Ces sigles désignent respectivement la s-adénosyl méthionine et la triméthylglycine. Dérivés des acides aminés méthionine et glycine, ces deux nutriments ont fait l’objet de plusieurs études.

  • La SAMe est ainsi l’antidépresseur naturel le plus étudié. De nombreuses études ont montré qu’il était aussi et même plus efficace que les antidépresseurs classiques et fonctionnait plus rapidement.
  • La TMG est une alternative moins coûteuse en supplémentation et plus stable. Dans le corps, elle se transforme en SAMe, mais nécessite d’être apportée en plus grande quantité pour être efficace.

Les acides gras oméga-3

Plus connus, les oméga-3 font partie des constituants structurels des membranes, notamment dans le cerveau. Ils modulent le mécanisme de communication entre les neurones du cerveau.
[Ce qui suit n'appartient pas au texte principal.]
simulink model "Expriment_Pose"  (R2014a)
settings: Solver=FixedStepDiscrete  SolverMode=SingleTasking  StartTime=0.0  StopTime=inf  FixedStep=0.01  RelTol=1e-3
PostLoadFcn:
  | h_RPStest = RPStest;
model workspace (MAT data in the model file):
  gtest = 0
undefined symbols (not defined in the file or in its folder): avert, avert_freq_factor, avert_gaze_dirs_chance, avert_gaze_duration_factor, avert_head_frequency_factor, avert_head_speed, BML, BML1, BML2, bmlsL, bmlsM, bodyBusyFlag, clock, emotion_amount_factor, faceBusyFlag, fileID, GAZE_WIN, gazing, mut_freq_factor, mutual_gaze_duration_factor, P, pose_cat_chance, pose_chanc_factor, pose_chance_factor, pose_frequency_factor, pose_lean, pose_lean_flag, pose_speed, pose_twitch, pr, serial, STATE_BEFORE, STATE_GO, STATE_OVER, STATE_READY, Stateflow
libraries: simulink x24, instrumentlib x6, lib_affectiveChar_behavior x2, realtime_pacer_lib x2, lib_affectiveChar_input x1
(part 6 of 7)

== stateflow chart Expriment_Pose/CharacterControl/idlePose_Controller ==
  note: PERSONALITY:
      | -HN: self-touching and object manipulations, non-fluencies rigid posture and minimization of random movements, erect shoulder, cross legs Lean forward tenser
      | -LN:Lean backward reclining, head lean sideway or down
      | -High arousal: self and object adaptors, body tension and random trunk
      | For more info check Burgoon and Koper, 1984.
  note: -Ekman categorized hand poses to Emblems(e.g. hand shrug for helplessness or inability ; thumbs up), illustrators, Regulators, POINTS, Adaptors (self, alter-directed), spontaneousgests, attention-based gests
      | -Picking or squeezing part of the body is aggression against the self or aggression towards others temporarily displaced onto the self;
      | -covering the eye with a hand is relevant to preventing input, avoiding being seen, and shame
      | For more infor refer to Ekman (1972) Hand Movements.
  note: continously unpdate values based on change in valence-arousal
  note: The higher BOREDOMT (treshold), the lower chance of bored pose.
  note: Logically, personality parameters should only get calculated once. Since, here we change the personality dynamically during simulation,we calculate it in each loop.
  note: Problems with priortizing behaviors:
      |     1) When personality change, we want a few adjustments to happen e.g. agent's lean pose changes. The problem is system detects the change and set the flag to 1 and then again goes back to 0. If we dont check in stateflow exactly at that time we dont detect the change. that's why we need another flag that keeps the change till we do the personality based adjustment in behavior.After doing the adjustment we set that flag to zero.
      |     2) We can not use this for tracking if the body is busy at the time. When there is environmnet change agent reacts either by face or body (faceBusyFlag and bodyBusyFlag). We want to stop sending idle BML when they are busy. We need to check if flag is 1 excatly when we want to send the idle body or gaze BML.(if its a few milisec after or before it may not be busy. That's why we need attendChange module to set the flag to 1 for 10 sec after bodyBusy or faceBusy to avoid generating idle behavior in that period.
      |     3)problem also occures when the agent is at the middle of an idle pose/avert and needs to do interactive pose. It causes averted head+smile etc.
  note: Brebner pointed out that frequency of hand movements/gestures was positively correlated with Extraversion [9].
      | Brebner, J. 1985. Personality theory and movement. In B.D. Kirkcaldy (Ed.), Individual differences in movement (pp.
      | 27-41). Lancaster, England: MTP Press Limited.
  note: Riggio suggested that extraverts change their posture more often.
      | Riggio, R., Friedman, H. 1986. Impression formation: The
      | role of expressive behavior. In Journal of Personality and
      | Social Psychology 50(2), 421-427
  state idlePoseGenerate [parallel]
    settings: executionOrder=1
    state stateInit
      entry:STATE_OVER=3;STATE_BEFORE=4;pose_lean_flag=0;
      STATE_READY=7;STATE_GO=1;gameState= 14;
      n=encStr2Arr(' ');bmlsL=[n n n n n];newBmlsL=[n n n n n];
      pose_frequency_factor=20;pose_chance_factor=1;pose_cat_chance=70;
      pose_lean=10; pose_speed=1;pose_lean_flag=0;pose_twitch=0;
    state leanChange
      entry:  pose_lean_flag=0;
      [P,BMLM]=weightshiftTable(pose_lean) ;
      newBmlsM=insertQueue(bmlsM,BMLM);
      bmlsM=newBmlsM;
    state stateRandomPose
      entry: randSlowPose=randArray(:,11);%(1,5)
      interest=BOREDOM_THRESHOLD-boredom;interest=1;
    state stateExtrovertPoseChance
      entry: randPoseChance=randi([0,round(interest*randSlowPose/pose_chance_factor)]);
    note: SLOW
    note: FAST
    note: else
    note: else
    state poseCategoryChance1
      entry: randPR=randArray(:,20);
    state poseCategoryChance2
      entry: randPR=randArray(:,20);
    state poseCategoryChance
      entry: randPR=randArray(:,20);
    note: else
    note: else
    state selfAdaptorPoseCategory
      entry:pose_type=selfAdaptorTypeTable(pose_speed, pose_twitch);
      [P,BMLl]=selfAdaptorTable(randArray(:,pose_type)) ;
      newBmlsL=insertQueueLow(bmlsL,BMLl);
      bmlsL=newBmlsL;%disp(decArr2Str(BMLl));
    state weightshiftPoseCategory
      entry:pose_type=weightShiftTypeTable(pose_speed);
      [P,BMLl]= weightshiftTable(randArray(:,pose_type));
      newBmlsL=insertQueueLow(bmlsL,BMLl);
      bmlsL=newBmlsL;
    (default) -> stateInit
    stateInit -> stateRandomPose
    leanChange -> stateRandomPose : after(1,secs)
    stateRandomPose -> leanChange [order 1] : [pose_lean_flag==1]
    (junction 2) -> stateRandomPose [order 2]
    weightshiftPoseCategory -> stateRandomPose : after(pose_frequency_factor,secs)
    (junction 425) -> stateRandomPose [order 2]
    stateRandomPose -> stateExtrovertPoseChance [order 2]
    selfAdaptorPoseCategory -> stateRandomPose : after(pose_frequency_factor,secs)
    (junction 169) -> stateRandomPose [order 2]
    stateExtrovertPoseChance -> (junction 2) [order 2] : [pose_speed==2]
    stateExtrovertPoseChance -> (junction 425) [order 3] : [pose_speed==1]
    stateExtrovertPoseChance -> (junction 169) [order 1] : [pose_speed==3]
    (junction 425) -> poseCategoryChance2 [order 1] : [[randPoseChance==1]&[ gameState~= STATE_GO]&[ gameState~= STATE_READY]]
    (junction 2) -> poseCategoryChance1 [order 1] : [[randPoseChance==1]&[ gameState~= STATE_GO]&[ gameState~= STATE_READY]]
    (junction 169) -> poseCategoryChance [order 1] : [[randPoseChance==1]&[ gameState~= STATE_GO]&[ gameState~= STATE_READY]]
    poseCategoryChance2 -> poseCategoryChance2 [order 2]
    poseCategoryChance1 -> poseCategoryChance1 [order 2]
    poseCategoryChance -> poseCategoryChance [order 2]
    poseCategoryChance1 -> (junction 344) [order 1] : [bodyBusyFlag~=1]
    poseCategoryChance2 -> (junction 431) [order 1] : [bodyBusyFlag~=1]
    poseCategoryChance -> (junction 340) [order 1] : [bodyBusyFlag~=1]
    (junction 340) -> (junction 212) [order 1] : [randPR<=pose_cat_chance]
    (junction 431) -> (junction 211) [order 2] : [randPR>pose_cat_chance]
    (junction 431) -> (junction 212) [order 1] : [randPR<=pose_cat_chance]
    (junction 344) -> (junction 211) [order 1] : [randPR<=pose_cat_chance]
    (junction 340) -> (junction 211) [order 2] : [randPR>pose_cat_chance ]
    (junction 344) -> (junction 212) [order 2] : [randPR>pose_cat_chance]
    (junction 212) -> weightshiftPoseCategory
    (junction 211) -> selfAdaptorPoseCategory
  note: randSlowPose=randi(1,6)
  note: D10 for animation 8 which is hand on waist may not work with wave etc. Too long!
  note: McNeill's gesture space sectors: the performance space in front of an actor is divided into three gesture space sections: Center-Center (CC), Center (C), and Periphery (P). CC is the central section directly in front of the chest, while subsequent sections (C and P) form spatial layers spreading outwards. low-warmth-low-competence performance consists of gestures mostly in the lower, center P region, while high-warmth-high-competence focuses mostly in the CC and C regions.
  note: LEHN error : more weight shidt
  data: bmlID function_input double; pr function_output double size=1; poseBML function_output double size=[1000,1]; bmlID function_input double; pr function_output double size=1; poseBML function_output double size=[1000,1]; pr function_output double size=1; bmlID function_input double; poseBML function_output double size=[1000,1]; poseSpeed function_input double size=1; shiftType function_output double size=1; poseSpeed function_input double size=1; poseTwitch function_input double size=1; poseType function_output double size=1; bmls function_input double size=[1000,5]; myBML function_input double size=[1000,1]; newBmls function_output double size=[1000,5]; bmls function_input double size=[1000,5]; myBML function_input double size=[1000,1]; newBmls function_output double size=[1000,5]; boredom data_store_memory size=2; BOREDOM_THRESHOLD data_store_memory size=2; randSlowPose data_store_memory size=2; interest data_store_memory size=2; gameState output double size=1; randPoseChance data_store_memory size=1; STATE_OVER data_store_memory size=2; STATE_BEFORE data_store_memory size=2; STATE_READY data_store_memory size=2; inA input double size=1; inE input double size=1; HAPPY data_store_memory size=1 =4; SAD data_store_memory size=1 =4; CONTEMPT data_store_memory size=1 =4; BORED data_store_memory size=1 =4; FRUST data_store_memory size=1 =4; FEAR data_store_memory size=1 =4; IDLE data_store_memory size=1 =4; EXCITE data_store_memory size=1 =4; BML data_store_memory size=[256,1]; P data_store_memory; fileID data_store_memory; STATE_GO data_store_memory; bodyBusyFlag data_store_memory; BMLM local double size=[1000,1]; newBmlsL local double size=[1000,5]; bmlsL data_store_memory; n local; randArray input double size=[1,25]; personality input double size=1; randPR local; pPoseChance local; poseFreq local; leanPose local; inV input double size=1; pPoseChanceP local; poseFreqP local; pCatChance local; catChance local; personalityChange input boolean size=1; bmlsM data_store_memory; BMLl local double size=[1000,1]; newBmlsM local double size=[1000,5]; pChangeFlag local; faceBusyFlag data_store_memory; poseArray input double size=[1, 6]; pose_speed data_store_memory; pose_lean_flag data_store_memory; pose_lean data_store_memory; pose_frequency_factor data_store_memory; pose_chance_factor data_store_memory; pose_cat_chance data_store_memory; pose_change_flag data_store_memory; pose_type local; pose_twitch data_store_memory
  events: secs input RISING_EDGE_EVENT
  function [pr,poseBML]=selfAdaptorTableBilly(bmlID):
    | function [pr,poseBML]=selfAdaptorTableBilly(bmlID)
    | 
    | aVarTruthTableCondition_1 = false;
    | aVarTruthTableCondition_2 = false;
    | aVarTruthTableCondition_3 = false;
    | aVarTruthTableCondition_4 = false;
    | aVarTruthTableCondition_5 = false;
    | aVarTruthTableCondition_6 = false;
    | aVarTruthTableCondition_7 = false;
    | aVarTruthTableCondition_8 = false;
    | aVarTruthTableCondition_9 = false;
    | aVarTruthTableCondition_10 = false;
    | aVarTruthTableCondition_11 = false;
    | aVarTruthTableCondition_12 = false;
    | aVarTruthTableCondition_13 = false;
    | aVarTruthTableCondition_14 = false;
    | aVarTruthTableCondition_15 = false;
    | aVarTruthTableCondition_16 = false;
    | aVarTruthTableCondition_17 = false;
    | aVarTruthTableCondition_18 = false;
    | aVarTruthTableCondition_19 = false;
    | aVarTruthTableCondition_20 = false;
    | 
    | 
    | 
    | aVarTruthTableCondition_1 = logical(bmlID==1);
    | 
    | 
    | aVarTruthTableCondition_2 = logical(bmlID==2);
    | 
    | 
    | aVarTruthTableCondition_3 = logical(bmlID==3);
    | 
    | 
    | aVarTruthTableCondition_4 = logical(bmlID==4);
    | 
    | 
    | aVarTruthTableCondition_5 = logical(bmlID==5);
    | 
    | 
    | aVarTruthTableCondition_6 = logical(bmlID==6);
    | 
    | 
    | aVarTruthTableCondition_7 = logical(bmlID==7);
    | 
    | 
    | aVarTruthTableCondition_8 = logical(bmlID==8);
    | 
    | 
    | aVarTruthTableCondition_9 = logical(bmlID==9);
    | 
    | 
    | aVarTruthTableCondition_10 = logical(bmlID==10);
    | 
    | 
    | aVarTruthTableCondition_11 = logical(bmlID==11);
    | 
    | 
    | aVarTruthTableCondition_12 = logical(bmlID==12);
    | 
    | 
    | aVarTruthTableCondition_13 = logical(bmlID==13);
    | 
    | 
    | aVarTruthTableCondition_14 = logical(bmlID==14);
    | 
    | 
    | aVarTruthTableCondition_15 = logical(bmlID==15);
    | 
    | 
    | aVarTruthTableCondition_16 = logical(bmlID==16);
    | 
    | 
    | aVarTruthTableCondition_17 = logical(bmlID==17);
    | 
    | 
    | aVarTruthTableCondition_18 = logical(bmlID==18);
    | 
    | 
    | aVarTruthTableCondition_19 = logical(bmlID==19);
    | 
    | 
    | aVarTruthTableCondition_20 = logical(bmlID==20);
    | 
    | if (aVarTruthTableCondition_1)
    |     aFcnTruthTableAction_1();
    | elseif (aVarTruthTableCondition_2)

Parmi les oméga-3, c’est la concentration en DHA (l’acide dOcosahÉxanoïque) qui affecte le plus la perméabilité des membranes des cellules du système nerveux central. Le déficit en DHA est donc logiquement lié au dysfonctionnement de la communication via la sérotonine et la dopamine ! Il a en effet été montré que les oméga-3 ont une influence directe sur le statut sérotoninergique en améliorant la production et la réception de la sérotonine.

En pratique

On retrouve donc finalement les grandes lignes du régime alimentaire de type méditerranéen, qui outre son effet protecteur sur le système cardiovasculaire, se révèle donc aussi préventif des troubles cognitifs, et en particulier de la dépression. Privilégier les légumes, les fruits, le poisson et les céréales complètes vous permettra de faire le plein de protéines de qualité, de vitamines B et des oméga-3 dont votre cerveau a besoin pour garder une bonne humeur. Nos choix alimentaires ne modifient donc pas uniquement notre silhouette et notre santé physique. Ils impactent aussi directement notre joie de vivre, et donc notre capacité au bonheur. Cela vaut le coup de soigner son assiette, non ?

SOURCES :

Khanna P. et al. 2019. Nutritional aspects of depression in adolescents. A systematic review. Int. J. Prev. Med. 10.4103/ijpvm.IJPVM_400_18.
Lojko D. et al. 2018. Is diet important in bipolar disorder?